# Strange problem with my D7000



## cgipson1 (Oct 7, 2011)

The OFF switch no longer works. When I turn the switch to off the LCD and the viewfinder information stay on for a variable amount of time (usually around 20 to 25 seconds. I have had it stay on all night also on occasion. When this occurs, the shutter button does not actuate the shutter, but it does affect the viewfinder information... the ISO display switches the the Number of shots left display. The flash icon in the viewfinder continues to flash also. If I had switched to the LCD backlight prior to turning it off, the backlight stays on also.

I suspect that the switch is bad, and that I need to send the camera in to Nikon. I have pulled the battery, I reset the user settings, custom settings, and the shooting menu. 

any ideas?


----------



## Robin Usagani (Oct 7, 2011)

OH that sucks.. time to get a Canon?  LOL JK.  Resetting it to the factory setting was my suggestion but I assumed you did that?


----------



## cgipson1 (Oct 7, 2011)

Schwettylens said:


> OH that sucks.. time to get a Canon?  LOL JK.  Resetting it to the factory setting was my suggestion but I assumed you did that?

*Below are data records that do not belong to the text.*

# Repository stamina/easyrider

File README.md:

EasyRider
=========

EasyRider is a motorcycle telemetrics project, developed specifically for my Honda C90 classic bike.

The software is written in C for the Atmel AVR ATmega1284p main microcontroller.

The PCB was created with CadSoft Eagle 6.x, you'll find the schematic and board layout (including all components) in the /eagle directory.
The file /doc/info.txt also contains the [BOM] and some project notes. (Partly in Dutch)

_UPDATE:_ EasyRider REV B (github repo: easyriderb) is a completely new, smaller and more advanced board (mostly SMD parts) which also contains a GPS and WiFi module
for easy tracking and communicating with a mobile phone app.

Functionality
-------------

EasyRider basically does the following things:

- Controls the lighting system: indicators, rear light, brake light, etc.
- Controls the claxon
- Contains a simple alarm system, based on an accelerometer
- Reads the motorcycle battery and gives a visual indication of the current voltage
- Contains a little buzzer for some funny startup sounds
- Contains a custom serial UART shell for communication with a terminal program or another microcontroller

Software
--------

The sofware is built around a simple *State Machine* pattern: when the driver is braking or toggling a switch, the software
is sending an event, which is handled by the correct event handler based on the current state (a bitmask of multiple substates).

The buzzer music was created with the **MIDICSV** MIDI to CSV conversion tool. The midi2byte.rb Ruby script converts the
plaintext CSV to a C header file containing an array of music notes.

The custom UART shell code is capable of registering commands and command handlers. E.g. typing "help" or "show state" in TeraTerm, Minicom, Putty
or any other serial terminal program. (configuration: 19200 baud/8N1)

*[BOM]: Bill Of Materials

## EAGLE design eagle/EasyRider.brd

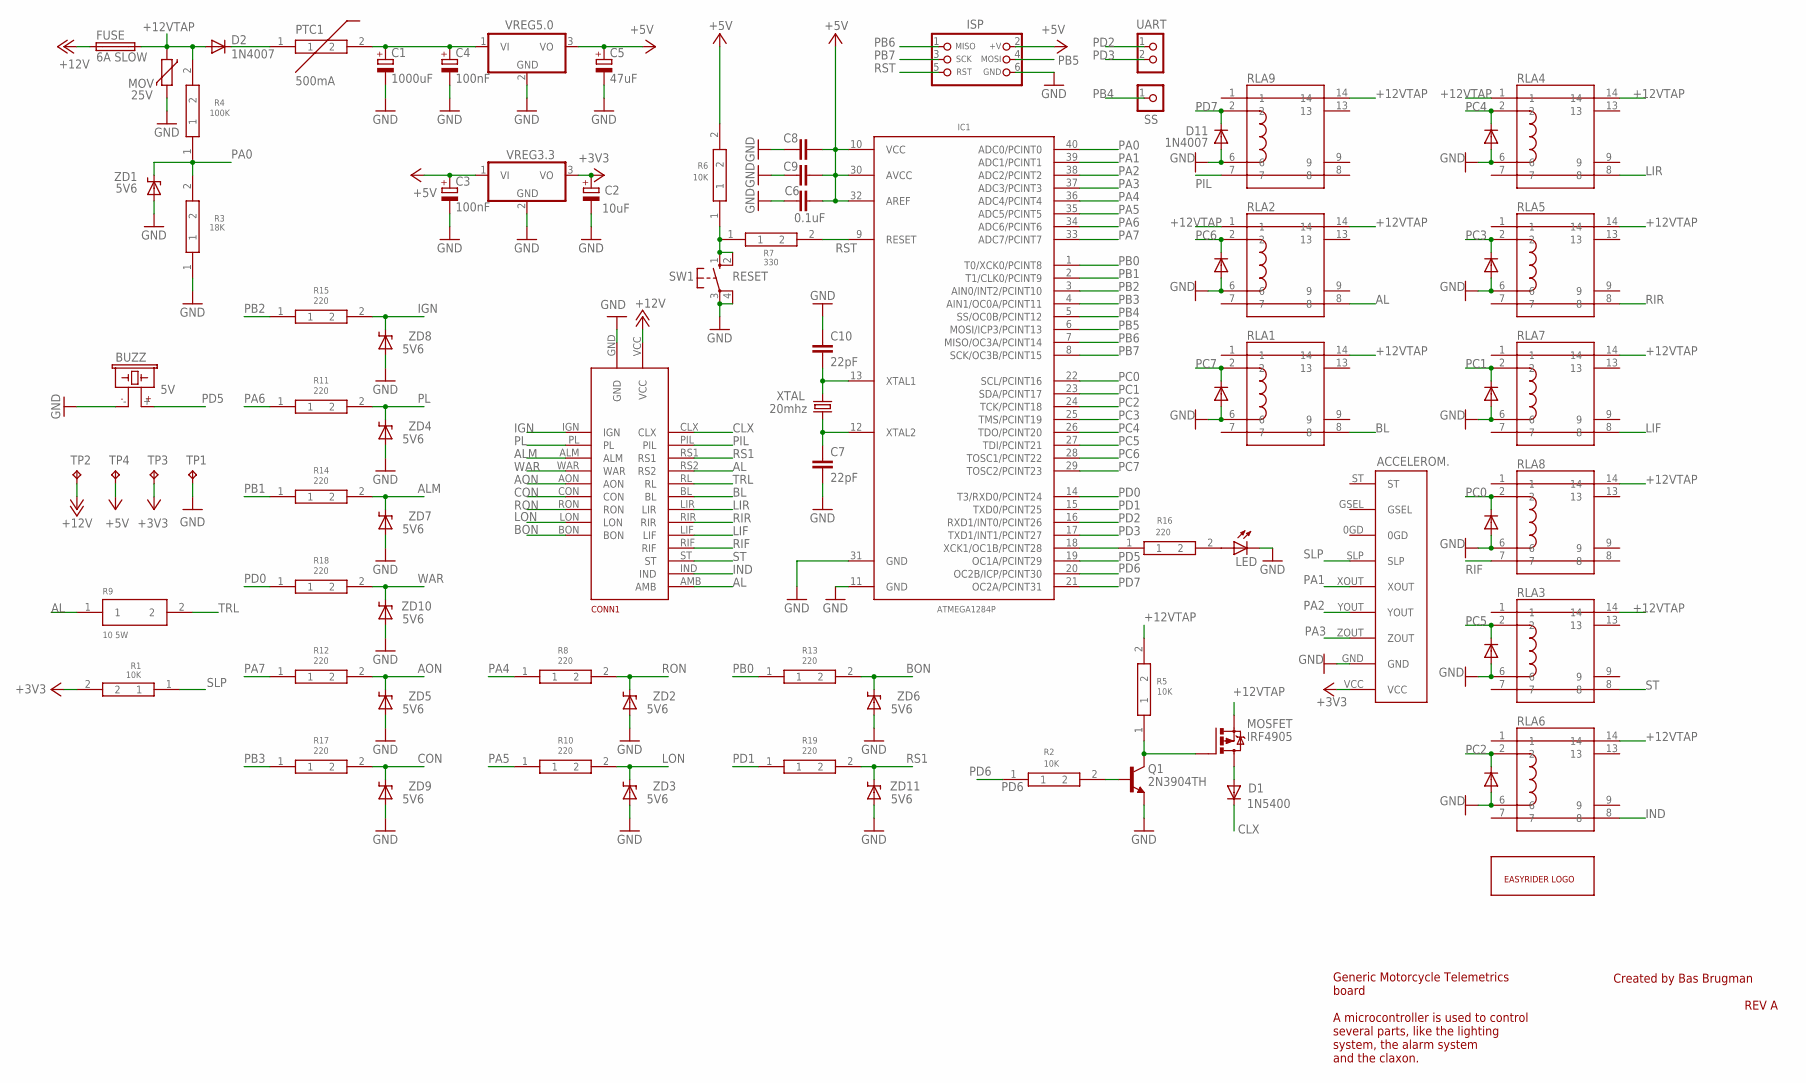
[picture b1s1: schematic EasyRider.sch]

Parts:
ACCELEROM.: MMA7361FREESCALE; BREAKOUT
BUZZ: 5V; 0.3PITCH
C1: 1000uF; E5-10,5
C2: 10uF; E2,5-4R
C3, C4: 100nF; E2,5-4R
C5: 47uF; E2,5-7
C6, C8, C9: 0.1uF; C025-024X044
C7, C10: 22pF; C025-024X044
CONN1: EASYRIDER_CONNDIP; SIL
D1: 1N5400; DO201-15
D2, D11: 1N4007; DIP_1N4007
D3, D4, D5, D6, D7, D8, D9, D10: 1N4007DIP; DIP_1N4007
FUSE: 6A SLOW; SH22,5A
IC1: ATMEGA1284P; DIL40
ISP: CON_HEADER_PRG_AVR_ICSP-PTH; HEADER_PRG_2X03
LED: LEDDIP; LED3MM
MOSFET: IRF4905; TO220
MOV: 25V; R-5
PTC1: 500mA; PTC
Q1: 2N3904TH; TO92
R1, R2, R5, R6: 10K; RESISTOR
R3: 18K; RESISTOR
R4: 100K; RESISTOR
R7: 330; RESISTOR
R8, R10, R11, R12, R13, R14, R15, R16, R17, R18, R19: 220; RESISTOR
R9: 10 5W; RESISTOR
RLA1, RLA2, RLA3, RLA4, RLA5, RLA6, RLA7, RLA8, RLA9: MEDER_REED_DIP05-1A72-12LDIP; DIP05-1A72-12L
SS: CON_HEADER_1X01-PTH; M1X1
SW1: RESET; DIP45MM_56MM_PITCH
TP1, TP2, TP3, TP4: TPTP20SQ; TP20SQ
U$1: EASYRIDER_LOGO
UART: CON_HEADER_1X02-PTH; M1X2
VREG3.3, VREG5.0: VREG_IGODIP; TO220
XTAL: 20mhz; HC49/S
ZD1, ZD2, ZD3, ZD4, ZD5, ZD6, ZD7, ZD8, ZD9, ZD10, ZD11: 5V6; DIODE_ZENER_56

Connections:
+3V3: ACCELEROM..VCC, C2.+, R1.2, TP3.TP, VREG3.3.3 (VO)
+5V: C3.+, C5.+, C6.2, C8.2, C9.2, IC1.10 (VCC), IC1.30 (AVCC), IC1.32 (AREF), ISP.2 (+V), R6.2, TP4.TP, VREG3.3.1 (VI), VREG5.0.3 (VO)
+12V: CONN1.VCC, FUSE.1, TP2.TP
+12VTAP: D2.A, FUSE.2, MOSFET.S, MOV.1, R4.2, R5.2, RLA1.14, RLA2.1, RLA2.14, RLA3.14, RLA4.1, RLA4.14, RLA5.14, RLA6.14, RLA7.14, RLA8.14, RLA9.14
AL: CONN1.AMB, CONN1.RS2, R9.1, RLA2.8
ALM: CONN1.ALM, R14.2, ZD7.C
AON: CONN1.AON, R12.2, ZD5.C
BL: CONN1.BL, RLA1.8
BON: CONN1.BON, R13.2, ZD6.C
CLX: CONN1.CLX, D1.C
CON: CONN1.CON, R17.2, ZD9.C
GND: ACCELEROM..GND, BUZZ.- (1), C1.-, C2.-, C3.-, C4.-, C5.-, C6.1, C7.2, C8.1, C9.1, C10.1, CONN1.GND, D3.A, D4.A, D5.A, D6.A, D7.A, D8.A, D9.A, D10.A, D11.A, IC1.11 (GND), IC1.31 (GND), ISP.6 (GND), LED.K (C), MOV.2, Q1.3 (E), R3.1, RLA1.6, RLA2.6, RLA3.6, RLA4.6, RLA5.6, RLA6.6, RLA7.6, RLA8.6, RLA9.6, SW1.3, SW1.4, TP1.TP, VREG3.3.2 (GND), VREG5.0.2 (GND), ZD1.A, ZD2.A, ZD3.A, ZD4.A, ZD5.A, ZD6.A, ZD7.A, ZD8.A, ZD9.A, ZD10.A, ZD11.A
IGN: CONN1.IGN, R15.2, ZD8.C
IND: CONN1.IND, RLA6.8
LIF: CONN1.LIF, RLA7.8
LIR: CONN1.LIR, RLA4.8
LON: CONN1.LON, R10.2, ZD3.C
unnamed: C7.1, IC1.12 (XTAL2), XTAL.1
unnamed: C10.2, IC1.13 (XTAL1), XTAL.2
unnamed: R6.1, R7.1, SW1.1, SW1.2
unnamed: IC1.18 (XCK1/OC1B/PCINT28), R16.1
unnamed: MOSFET.G, Q1.1 (C), R5.1
unnamed: D1.A, MOSFET.D
unnamed: LED.A, R16.2
unnamed: C1.+, C4.+, PTC1.2, VREG5.0.1 (VI)
unnamed: D2.C, PTC1.1
unnamed: Q1.2 (B), R2.2
PA0: IC1.40 (ADC0/PCINT0), R3.2, R4.1, ZD1.C
PA1: ACCELEROM..XOUT, IC1.39 (ADC1/PCINT1)
PA2: ACCELEROM..YOUT, IC1.38 (ADC2/PCINT2)
PA3: ACCELEROM..ZOUT, IC1.37 (ADC3/PCINT3)
PA4: IC1.36 (ADC4/PCINT4), R8.1
PA5: IC1.35 (ADC5/PCINT5), R10.1
PA6: IC1.34 (ADC6/PCINT6), R11.1
PA7: IC1.33 (ADC7/PCINT7), R12.1
PB0: IC1.1 (T0/XCK0/PCINT8), R13.1
PB1: IC1.2 (T1/CLK0/PCINT9), R14.1
PB2: IC1.3 (AIN0/INT2/PCINT10), R15.1
PB3: IC1.4 (AIN1/OC0A/PCINT11), R17.1
PB4: IC1.5 (SS/OC0B/PCINT12), SS.1
PB5: IC1.6 (MOSI/ICP3/PCINT13), ISP.4 (MOSI)
PB6: IC1.7 (MISO/OC3A/PCINT14), ISP.1 (MISO)
PB7: IC1.8 (SCK/OC3B/PCINT15), ISP.3 (SCK)
PC0: D10.C, IC1.22 (SCL/PCINT16), RLA8.2
PC1: D9.C, IC1.23 (SDA/PCINT17), RLA7.2
PC2: D8.C, IC1.24 (TCK/PCINT18), RLA6.2
PC3: D7.C, IC1.25 (TMS/PCINT19), RLA5.2
PC4: D6.C, IC1.26 (TDO/PCINT20), RLA4.2
PC5: D5.C, IC1.27 (TDI/PCINT21), RLA3.2
PC6: D4.C, IC1.28 (TOSC1/PCINT22), RLA2.2
PC7: D3.C, IC1.29 (TOSC2/PCINT23), RLA1.2
PD0: IC1.14 (T3/RXD0/PCINT24), R18.1
PD1: IC1.15 (TXD0/PCINT25), R19.1
PD2: IC1.16 (RXD1/INT0/PCINT26), UART.1
PD3: IC1.17 (TXD1/INT1/PCINT27), UART.2
PD5: BUZZ.+ (2), IC1.19 (OC1A/PCINT29)
PD6: IC1.20 (OC2B/ICP/PCINT30), R2.1
PD7: D11.C, IC1.21 (OC2A/PCINT31), RLA9.2
PIL: CONN1.PIL, RLA9.7
PL: CONN1.PL, R11.2, ZD4.C
RIF: CONN1.RIF, RLA8.7
RIR: CONN1.RIR, RLA5.8
RON: CONN1.RON, R8.2, ZD2.C
RS1: CONN1.RS1, R19.2, ZD11.C
RST: IC1.9 (RESET), ISP.5 (RST), R7.2
SLP: ACCELEROM..SLP, R1.1
ST: CONN1.ST, RLA3.8
TRL: CONN1.RL, R9.2
WAR: CONN1.WAR, R18.2, ZD10.C

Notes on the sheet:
Created by Bas Brugman
REV A
Generic Motorcycle Telemetrics board A microcontroller is used to control several parts, like the lighting system, the alarm system and the claxon.

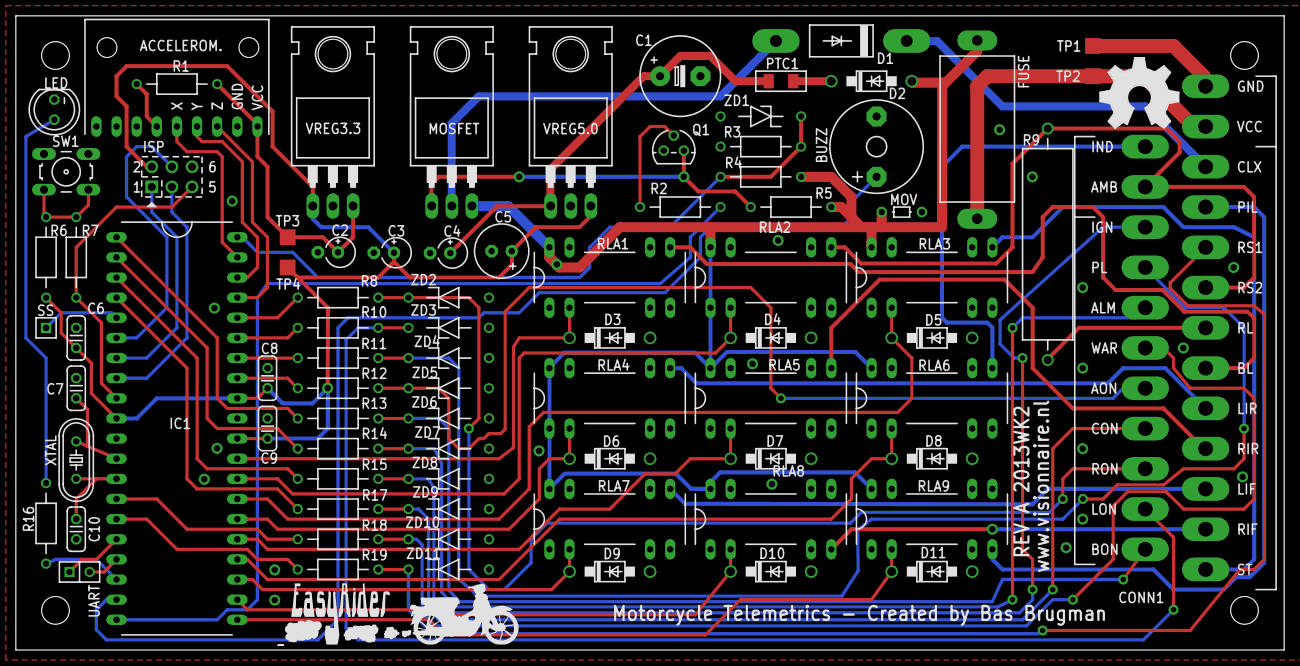
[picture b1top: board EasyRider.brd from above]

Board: 2 copper layers, 160.0 x 80.0 mm, 83 parts (0 on the bottom side), 69 nets.

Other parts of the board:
U$2: OSHW_FILLX350_NOTEXT

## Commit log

2013-03-11 Added readme
2013-03-12 Expanding readme
2013-03-24 Change alarm trigger time and fixed buzzer sound when turning ignition off
2013-03-24 Alarm indicator speed issue
2013-03-24 Minor alarm mode changes
2013-03-29 Fixed a bug which caused the claxon sound to continue, even when the alarm was turned off
2013-06-24 Todo changes
2013-08-31 Starting REV B
2013-09-13 Preparing for REV B
2013-10-09 Todo changes for REV B
2013-10-26 More info for REV B
2013-10-30 Extracted REV B Board and Software to its own repository, REV A will contain only bug fixes from now on
2013-10-30 README changes
2013-11-01 Adding pinout diagram as a quick reminder

Hey Robinson... yes, I did reset all that is possible... although I understand (read somewhere) there are some "secret" button combinations that do different resets and tests.. but I don't know what they are.

I have too much invested in Nikon glass to even consider switching to the "DARK" side....


----------



## 480sparky (Oct 7, 2011)

Did you just get done taking a whole boatload of pix?  If so, the camera won't 'shut off' until the buffer clears.


----------



## cgipson1 (Oct 7, 2011)

no.. all pics are cleared out of the camera... happens whether I have been shooting or not. Even happens immediately after a battery pull too... and that would clear the buffers.


----------



## KmH (Oct 7, 2011)

There's nothing strange about it. The switch is bad.


----------



## cgipson1 (Oct 7, 2011)

KmH said:


> There's nothing strange about it. The switch is bad.



hahaha.. yea.... I know! I was just kind of quietly bit@hing about it...


----------



## 2WheelPhoto (Oct 7, 2011)

My D7000 not only helped me realize I needed the D80 back-up cam but it helped me become big friends with the support/repair center:   1-800-645-6687


----------



## cgipson1 (Oct 7, 2011)

2WheelPhoto said:


> My D7000 not only helped me realize I needed the D80 back-up cam but it helped me become big friends with the support/repair center:   1-800-645-6687



hahaha.. yes. I need another body.. but am waiting on the D800. Maybe I should pick up Keith's 300.... hmmm...


----------